Presumably, had God known what Abraham was about to do in this situation, it would have affected his intention from the start. This change therefore suggests that the future was open, and God did not take that into account
There is, however, another possible interpretation. This would be that God did not really change his mind. He simply agreed that if X number of righteous persons could be found, he would not execute his intended destruction. Knowing that there were not such righteous persons, he knew from the beginning that he would not end up sparing the city. This would be the case, despite his foreknowing that Abraham would intercede for the city. Abraham's failure to find such was vindication of God's act of destroying the city.
2 Kings 20:1-20. In this passage, King Hezekiah is ill and anticipates dying. He reminds God of his past faithfulness to God, and God decides to increase his life by fifteen years. This was a key passage leading Boyd to the open theist position.
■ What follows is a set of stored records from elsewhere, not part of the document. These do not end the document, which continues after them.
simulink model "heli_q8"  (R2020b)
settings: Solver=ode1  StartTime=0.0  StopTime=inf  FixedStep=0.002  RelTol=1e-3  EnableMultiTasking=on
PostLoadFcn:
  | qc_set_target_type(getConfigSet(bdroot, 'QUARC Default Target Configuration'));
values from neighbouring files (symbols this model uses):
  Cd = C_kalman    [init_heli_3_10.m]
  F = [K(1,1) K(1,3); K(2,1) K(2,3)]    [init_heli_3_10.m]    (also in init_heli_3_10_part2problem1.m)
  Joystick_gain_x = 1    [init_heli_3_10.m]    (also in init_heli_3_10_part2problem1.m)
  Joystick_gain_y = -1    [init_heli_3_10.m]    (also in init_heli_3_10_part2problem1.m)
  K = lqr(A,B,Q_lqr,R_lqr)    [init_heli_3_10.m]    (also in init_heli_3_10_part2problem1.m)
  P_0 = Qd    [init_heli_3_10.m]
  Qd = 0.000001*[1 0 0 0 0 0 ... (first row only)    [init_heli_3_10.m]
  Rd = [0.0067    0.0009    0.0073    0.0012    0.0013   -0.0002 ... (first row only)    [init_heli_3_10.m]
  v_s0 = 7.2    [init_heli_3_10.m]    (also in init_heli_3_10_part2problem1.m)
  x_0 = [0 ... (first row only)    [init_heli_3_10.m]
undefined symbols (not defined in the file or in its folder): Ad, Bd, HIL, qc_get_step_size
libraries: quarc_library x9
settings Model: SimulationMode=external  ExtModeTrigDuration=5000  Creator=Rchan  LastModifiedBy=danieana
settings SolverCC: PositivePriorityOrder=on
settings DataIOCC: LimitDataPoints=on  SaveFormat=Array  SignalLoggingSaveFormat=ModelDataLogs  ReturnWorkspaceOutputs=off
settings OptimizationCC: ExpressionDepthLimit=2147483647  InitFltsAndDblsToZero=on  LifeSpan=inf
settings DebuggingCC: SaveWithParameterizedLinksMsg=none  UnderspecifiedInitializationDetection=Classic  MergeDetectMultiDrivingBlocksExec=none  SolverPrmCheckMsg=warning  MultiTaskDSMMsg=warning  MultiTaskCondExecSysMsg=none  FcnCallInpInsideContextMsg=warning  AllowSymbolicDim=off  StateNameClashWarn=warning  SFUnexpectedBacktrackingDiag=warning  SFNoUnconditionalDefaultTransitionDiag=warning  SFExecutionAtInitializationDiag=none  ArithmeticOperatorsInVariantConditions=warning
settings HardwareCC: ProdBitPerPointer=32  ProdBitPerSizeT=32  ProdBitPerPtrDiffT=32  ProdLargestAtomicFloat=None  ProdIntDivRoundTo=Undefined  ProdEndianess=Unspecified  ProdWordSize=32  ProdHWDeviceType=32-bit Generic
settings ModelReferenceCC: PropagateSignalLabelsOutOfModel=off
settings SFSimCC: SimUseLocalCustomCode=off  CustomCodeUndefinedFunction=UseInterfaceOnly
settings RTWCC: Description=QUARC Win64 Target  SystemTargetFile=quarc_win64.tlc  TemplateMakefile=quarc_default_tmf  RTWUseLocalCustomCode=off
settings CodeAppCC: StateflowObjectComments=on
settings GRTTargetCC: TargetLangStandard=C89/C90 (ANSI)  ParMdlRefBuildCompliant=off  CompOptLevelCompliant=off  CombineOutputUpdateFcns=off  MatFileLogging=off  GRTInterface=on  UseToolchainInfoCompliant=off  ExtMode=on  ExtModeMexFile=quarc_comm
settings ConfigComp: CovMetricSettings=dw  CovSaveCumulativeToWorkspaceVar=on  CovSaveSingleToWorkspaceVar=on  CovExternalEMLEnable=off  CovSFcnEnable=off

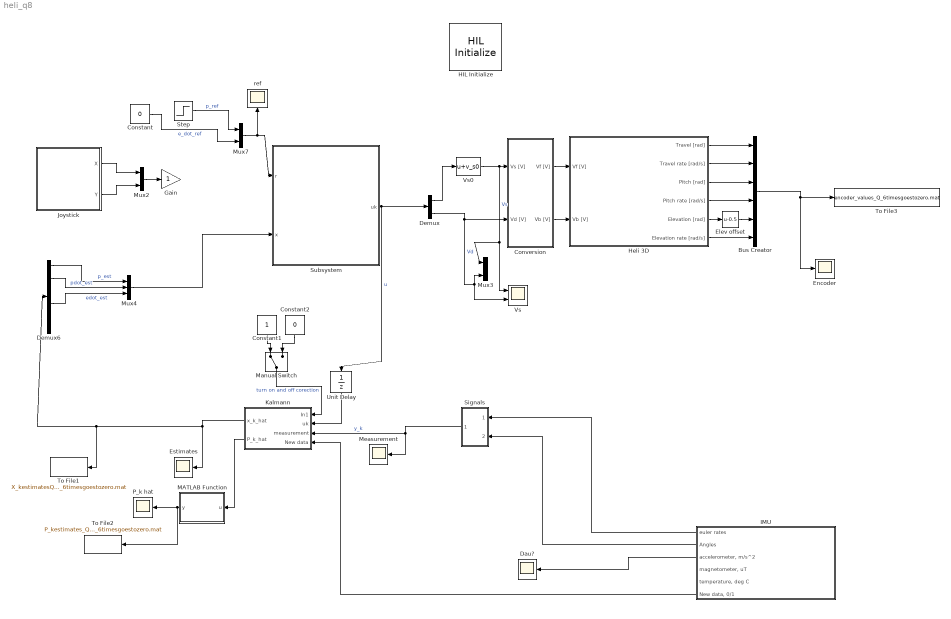
== system heli_q8 ==
  Bus Creator : BusCreator  Inputs=6
  Constant : Constant  Value=0
  Constant1 : Constant
  Constant2 : Constant  Value=0
  Conversion : Subsystem
  Dau? : Scope
  Demux : Demux  Outputs=2
  Demux6 : Demux  Outputs=6
  Elev offset : Bias  Bias=-0.5
  Encoder : Scope
  Estimates : Scope
  Gain : Gain
  HIL Initialize : quarc_library/Data Acquisition/Generic/Configuration/HIL Initialize  Priority=-99  object_name=HIL-1  board_type=q8_usb  board_number=0  board_options=update_rate=normal;decimation=1  exclusive=off  active=off  hardware_clocks=[0:2]  clock_modes=[]  initial_clock_frequencies=[]  set_clock_params_at_start=off  set_clock_params_at_switch_in=off  set_clock_frequencies_at_start=off  set_clock_frequencies_at_switch_in=off  analog_input_channels=[0:7]  analog_input_configurations=[]  analog_input_maximums=10  analog_input_minimums=-10  set_analog_input_params_at_start=on  set_analog_input_params_at_switch_in=off  analog_output_channels=[0:7]  analog_output_maximums=10  analog_output_minimums=-10  initial_analog_outputs=[0]  final_analog_outputs=[0]  watchdog_analog_outputs=0  set_analog_output_params_at_start=on  set_analog_output_params_at_switch_in=off  set_analog_outputs_at_start=on  set_analog_outputs_at_switch_in=off  set_analog_outputs_at_terminate=on  set_analog_outputs_at_switch_out=off  set_analog_outputs_on_watchdog=off  digital_input_channels=[]  digital_output_channels=[]  digital_output_configuration=[]  initial_digital_outputs=[1]  final_digital_outputs=[1]  watchdog_digital_outputs=[1]  set_digital_output_params_at_start=off  set_digital_output_params_at_switch_in=off  set_digital_outputs_at_start=on  set_digital_outputs_at_switch_in=off  set_digital_outputs_at_terminate=on  set_digital_outputs_at_switch_out=off  set_digital_outputs_on_watchdog=off  encoder_channels=[0:7]  quadrature=[4]  encoder_filter_frequency=[]  initial_encoder_counts=[0]  set_encoder_params_at_start=on  set_encoder_params_at_switch_in=off  set_encoder_counts_at_start=on  set_encoder_counts_at_switch_in=off  pwm_channels=[0:7]  pwm_modes=0  pwm_frequency=99.532799999999995e6/4095  pwm_configuration=[0]  pwm_alignment=[0]  pwm_polarity=[1]  pwm_leading_deadband=[0]  pwm_trailing_deadband=[0]  initial_pwm_outputs=[0]  final_pwm_outputs=[0]  watchdog_pwm_outputs=[0]  set_pwm_params_at_start=on  set_pwm_params_at_switch_in=off  set_pwm_outputs_at_start=on  set_pwm_outputs_at_switch_in=off  set_pwm_outputs_at_terminate=on  set_pwm_outputs_at_switch_out=off  set_pwm_outputs_on_watchdog=off  other_output_channels=[]  initial_other_outputs=[]  final_other_outputs=[]  watchdog_other_outputs=[]  set_other_outputs_at_start=off  set_other_outputs_at_switch_in=off  set_other_outputs_at_terminate=off  set_other_outputs_at_switch_out=off  set_other_outputs_on_watchdog=off
  Heli 3D : Subsystem
  IMU : Subsystem
  Joystick : Subsystem
  Kalmann : Subsystem
  MATLAB Function : MATLAB Function  TreatAsAtomicUnit=on
  Manual Switch : ManualSwitch
  Measurement : Scope
  Mux2 : Mux  Inputs=2
  Mux3 : Mux  Inputs=2
  Mux4 : Mux  Inputs=3
  Mux7 : Mux  Inputs=2
  P_k hat : Scope
  Signals : Subsystem
  Step : Step  Time=4  After=0.5  SampleTime=0
  Subsystem : Subsystem
  To File1 : ToFile  Filename=X_kestimatesQ_6timesgoestozero.mat
  To File2 : ToFile  Filename=P_kestimates_Q_6timesgoestozero.mat
  To File3 : ToFile  Filename=encoder_values_Q_6timesgoestozero.mat
  Unit Delay : UnitDelay  InitialCondition=[0;0]  SampleTime=-1  HasFrameUpgradeWarning=on
  Vs : Scope  NumInputPorts=2
  Vs0 : Bias  Bias=v_s0
  ref : Scope
  wires:
  Heli 3D/1(Travel [rad]) -> Bus Creator/1
  Heli 3D/2(Travel rate [rad/s]) -> Bus Creator/2
  Heli 3D/4(Pitch rate [rad/s]) -> Bus Creator/4
  Heli 3D/5(Elevation [rad]) -> Elev offset/1
  Heli 3D/6(Elevation rate [rad/s]) -> Bus Creator/6
  Elev offset/1 -> Bus Creator/5
  Vs0/1 -> Vs/1, Mux3/1, Conversion/1(Vs [V])  "Vs"
  Bus Creator/1 -> Encoder/1, To File3/1
  Demux/1 -> Vs0/1
  Heli 3D/3(Pitch [rad]) -> Bus Creator/3
  Subsystem/1(uk) -> Unit Delay/1, Demux/1  "u"
  Demux/2 -> Mux3/2, Vs/2, Conversion/2(Vd [V])  "Vd"
  Mux2/1 -> Gain/1
  Joystick/1(X) -> Mux2/1
  Joystick/2(Y) -> Mux2/2
  IMU/1(euler rates) -> Signals/1(In1)
  Demux6/1 -> Mux4/1  "p_est"
  Demux6/4 -> Mux4/3  "edot_est"
  Demux6/2 -> Mux4/2  "pdot_est"
  Mux4/1 -> Subsystem/2(x)
  Step/1 -> Mux7/1  "p_ref"
  Constant/1 -> Mux7/2  "e_dot_ref"
  Conversion/1(Vf [V]) -> Heli 3D/1(Vf [V])
  Conversion/2(Vb [V]) -> Heli 3D/2(Vb [V])
  IMU/6("New data, 0/1") -> Kalmann/4(New data)
  Kalmann/1(x_k_hat) -> Estimates/1, To File1/1, Demux6/1
  IMU/2(Angles) -> Signals/2(In2)
  Signals/1(Out1) -> Kalmann/3(measurement), Measurement/1  "y_k"
  IMU/3("accelerometer, m/s^2") -> Dau?/1
  Unit Delay/1 -> Kalmann/2(uk)
  Manual Switch/1 -> Kalmann/1(In1)  "turn on and off corection"
  Constant1/1 -> Manual Switch/1
  Constant2/1 -> Manual Switch/2
  Kalmann/2(P_k_hat) -> MATLAB Function/1(u)
  MATLAB Function/1(y) -> To File2/1, P_k hat/1
  Mux7/1 -> ref/1, Subsystem/1(r)

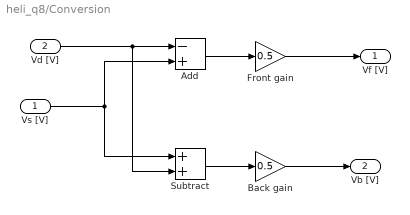
== system heli_q8/Conversion ==
  Vs [V] : Inport
  Vd [V] : Inport  Port=2
  Add : Sum  Inputs=-+
  Back gain : Gain  Gain=0.5
  Front gain : Gain  Gain=0.5
  Subtract : Sum
  Vf [V] : Outport
  Vb [V] : Outport  Port=2
  wires:
  Vd [V]/1 -> Subtract/2, Add/1
  Vs [V]/1 -> Subtract/1, Add/2
  Subtract/1 -> Back gain/1
  Back gain/1 -> Vb [V]/1
  Add/1 -> Front gain/1
  Front gain/1 -> Vf [V]/1

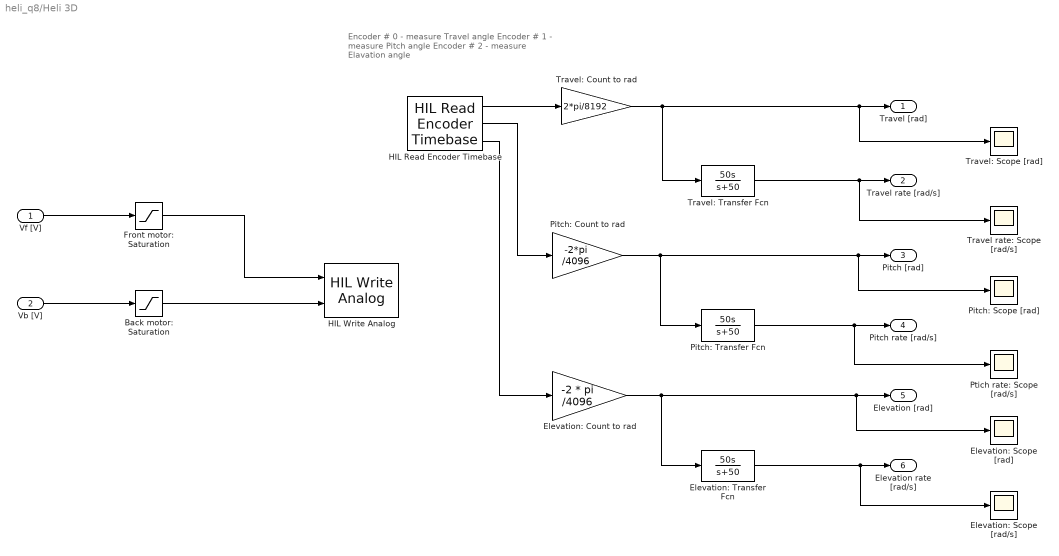
== system heli_q8/Heli 3D ==
  note: Encoder # 0 - measure Travel angle
      | Encoder # 1 - measure Pitch angle
      | Encoder # 2 - measure Elavation angle
  Vf [V] : Inport
  Vb [V] : Inport  Port=2
  Back motor: Saturation : Saturate  UpperLimit=5  LowerLimit=-5
  Elevation: Count to rad : Gain  Gain=-2 * pi /4096
  Elevation: Scope [rad/s] : Scope
  Elevation: Scope [rad] : Scope
  Elevation: Transfer Fcn : TransferFcn  Numerator=[50 0]  Denominator=[1 50]
  Front motor: Saturation : Saturate  UpperLimit=5  LowerLimit=-5
  HIL Read Encoder Timebase : quarc_library/Data Acquisition/Generic/Timebases/HIL Read Encoder Timebase  object_name=HIL-1  clock=0  channels=[0:2]  active=on  vector_output=off  data_type_mode=Inherit via back propagation  data_type=double  overflow_mode=Error on overflow  samples_in_buffer=max(ceil(1/qc_get_step_size), 1)
  HIL Write Analog : quarc_library/Data Acquisition/Generic/Immediate I//O/HIL Write Analog  object_name=HIL-1  channels=[0:1]  sample_time=-1  active=off  vector_input=off
  Pitch: Count to rad : Gain  Gain=-2*pi /4096
  Pitch: Scope [rad] : Scope
  Pitch: Transfer Fcn : TransferFcn  Numerator=[50 0]  Denominator=[1 50]
  Ptich rate: Scope [rad/s] : Scope
  Travel rate: Scope [rad/s] : Scope
  Travel: Count to rad : Gain  Gain=2*pi/8192
  Travel: Scope [rad] : Scope
  Travel: Transfer Fcn : TransferFcn  Numerator=[50 0]  Denominator=[1 50]
  Travel [rad] : Outport
  Travel rate [rad/s] : Outport  Port=2
  Pitch [rad] : Outport  Port=3
  Pitch rate [rad/s] : Outport  Port=4
  Elevation [rad] : Outport  Port=5
  Elevation rate [rad/s] : Outport  Port=6
  wires:
  HIL Read Encoder Timebase/1 -> Travel: Count to rad/1
  HIL Read Encoder Timebase/2 -> Pitch: Count to rad/1
  HIL Read Encoder Timebase/3 -> Elevation: Count to rad/1
  Travel: Count to rad/1 -> Travel: Scope [rad]/1, Travel [rad]/1, Travel: Transfer Fcn/1
  Travel: Transfer Fcn/1 -> Travel rate: Scope [rad/s]/1, Travel rate [rad/s]/1
  Pitch: Count to rad/1 -> Pitch: Transfer Fcn/1, Pitch: Scope [rad]/1, Pitch [rad]/1
  Pitch: Transfer Fcn/1 -> Ptich rate: Scope [rad/s]/1, Pitch rate [rad/s]/1
  Elevation: Count to rad/1 -> Elevation: Transfer Fcn/1, Elevation: Scope [rad]/1, Elevation [rad]/1
  Elevation: Transfer Fcn/1 -> Elevation: Scope [rad/s]/1, Elevation rate [rad/s]/1
  Vf [V]/1 -> Front motor: Saturation/1
  Vb [V]/1 -> Back motor: Saturation/1
  Front motor: Saturation/1 -> HIL Write Analog/1
  Back motor: Saturation/1 -> HIL Write Analog/2

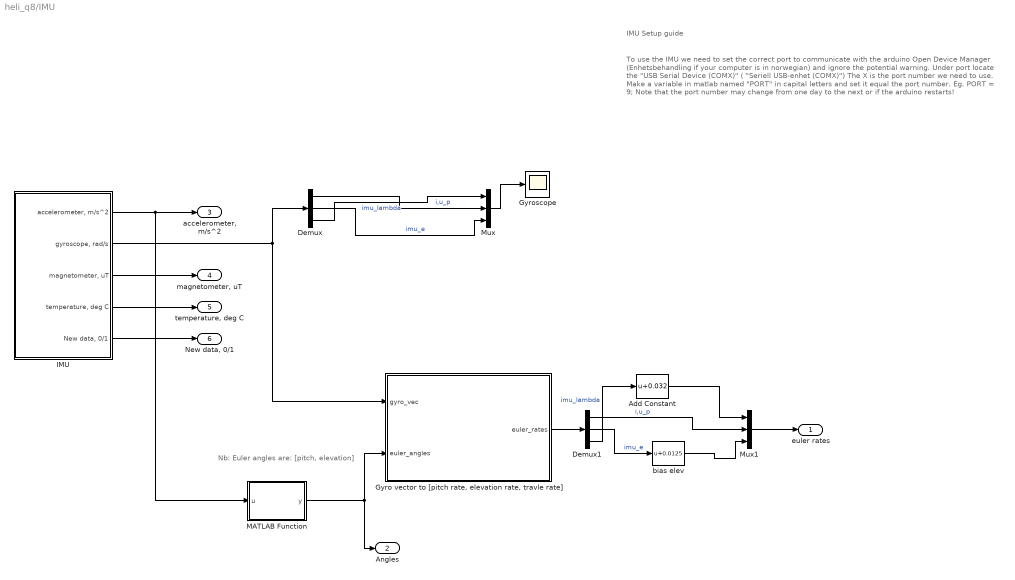
== system heli_q8/IMU ==
  note: Nb: Euler angles are: [pitch, elevation]
  note: IMU Setup guide
  note: To use the IMU we need to set the correct port to communicate with the arduino
      | Open Device Manager (Enhetsbehandling if your computer is in norwegian) and ignore the potential warning.
      | Under port locate the "USB Serial Device (COMX)" ( "Seriell USB-enhet (COMX)")
      | The X is the port number we need to use.
      |
      | Make a variable in matlab named "PORT" in capital letters and set it equal the port number.
      | Eg.
      | PORT = 9;
      |
      | Note that the port number may change from one day to the next or if the arduino restarts!
  Add Constant : Bias  Bias=0.032
  Demux : Demux  Outputs=3
  Demux1 : Demux  Outputs=3
  "Gyro vector to [pitch rate, elevation rate, travle rate]" : MATLAB Function  TreatAsAtomicUnit=on
  Gyroscope : Scope
  IMU : Subsystem
  MATLAB Function : MATLAB Function  TreatAsAtomicUnit=on
  Mux : Mux  Inputs=3
  Mux1 : Mux  Inputs=3
  bias elev : Bias  Bias=0.0125
  euler rates : Outport
  Angles : Outport  Port=2
  "accelerometer, m/s^2" : Outport  Port=3
  "magnetometer, uT" : Outport  Port=4
  "temperature, deg C" : Outport  Port=5
  "New data, 0/1" : Outport  Port=6
  wires:
  IMU/2("gyroscope, rad/s") -> Demux/1, "Gyro vector to [pitch rate, elevation rate, travle rate]"/1(gyro_vec)
  IMU/1("accelerometer, m/s^2") -> "accelerometer, m/s^2"/1, MATLAB Function/1(u)
  IMU/3("magnetometer, uT") -> "magnetometer, uT"/1
  IMU/4("temperature, deg C") -> "temperature, deg C"/1
  IMU/5("New data, 0/1") -> "New data, 0/1"/1
  Mux/1 -> Gyroscope/1
  Demux/2 -> Mux/3  "imu_e"
  Demux/3 -> Mux/1  "imu_lambda"
  Demux/1 -> Mux/2  "i,u_p"
  Demux1/2 -> bias elev/1  "imu_e"
  Mux1/1 -> euler rates/1
  Demux1/3 -> Add Constant/1  "imu_lambda"
  Demux1/1 -> Mux1/2  "i,u_p"
  "Gyro vector to [pitch rate, elevation rate, travle rate]"/1(euler_rates) -> Demux1/1
  Add Constant/1 -> Mux1/1
  bias elev/1 -> Mux1/3
  MATLAB Function/1(y) -> Angles/1, "Gyro vector to [pitch rate, elevation rate, travle rate]"/2(euler_angles)

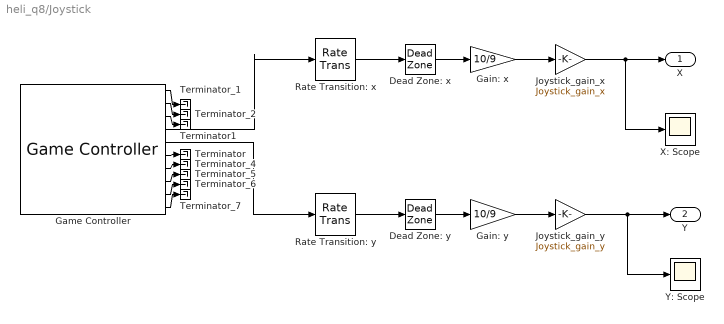
== system heli_q8/Joystick ==
  Dead Zone: x : DeadZone  LowerValue=-0.1  UpperValue=0.1  SaturateOnIntegerOverflow=on
  Dead Zone: y : DeadZone  LowerValue=-0.1  UpperValue=0.1  SaturateOnIntegerOverflow=on
  Gain: x : Gain  Gain=10/9
  Gain: y : Gain  Gain=10/9
  Game Controller : quarc_library/Devices/Peripherals/Target/Game Controller  controller=1  buffer_size=12  deadzone=[]  saturation=[]  sample_time=max(qc_get_step_size, 0.01)  auto_center=off  enabled=on
      settings: SourceProductName=QUARC Targets
  Joystick_gain_x : Gain  Gain=Joystick_gain_x
  Joystick_gain_y : Gain  Gain=Joystick_gain_y
  Rate Transition: x : RateTransition
  Rate Transition: y : RateTransition
  Terminator : Terminator
  Terminator1 : Terminator
  Terminator_{1..2,4..7} (6 alike) : Terminator
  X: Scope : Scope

It seems clearly to represent a change in what God is going to do because in v. 1 Hezekiah is told to prepare himself, since he will not recover from the illness and will die. The original declaration would not have been made if God knew that Hezekiah would cry out as he did.
Here again, however, a feature of the narrative presents a problem for the open theist position. Bruce Ware in particular points out that Jehovah does not just tell Hezekiah that he will extend his life. He is much more specific: his life will be extended by fifteen years. Ware says:
Does it not seem a bit odd that this favorite text of open theists, which purportedly demonstrates that God does not know the future and so changes his mind when Hezekiah prays, also shows that God knows precisely and exactly how much longer Hezekiah will live? On openness grounds, how could God know this? Over a fifteen-year time span, the contingencies are staggering! The number of future freewill choices, made by Hezekiah and by innumerable others, that relate to Hezekiah's life and well-being, none of which God knows (in the openness view), is enormous.
God Tests People
Genesis 22:1-19. Here is one of the most commonly cited passages. In it we are told that God tested Abraham (v. 1), although Abraham is not told that this is a test. Abraham is asked to sacrifice his son Isaac and proceeds to do so, but he is stopped by the angel of the Lord, who says, "Do not lay a hand on the boy. Do not do anything to him.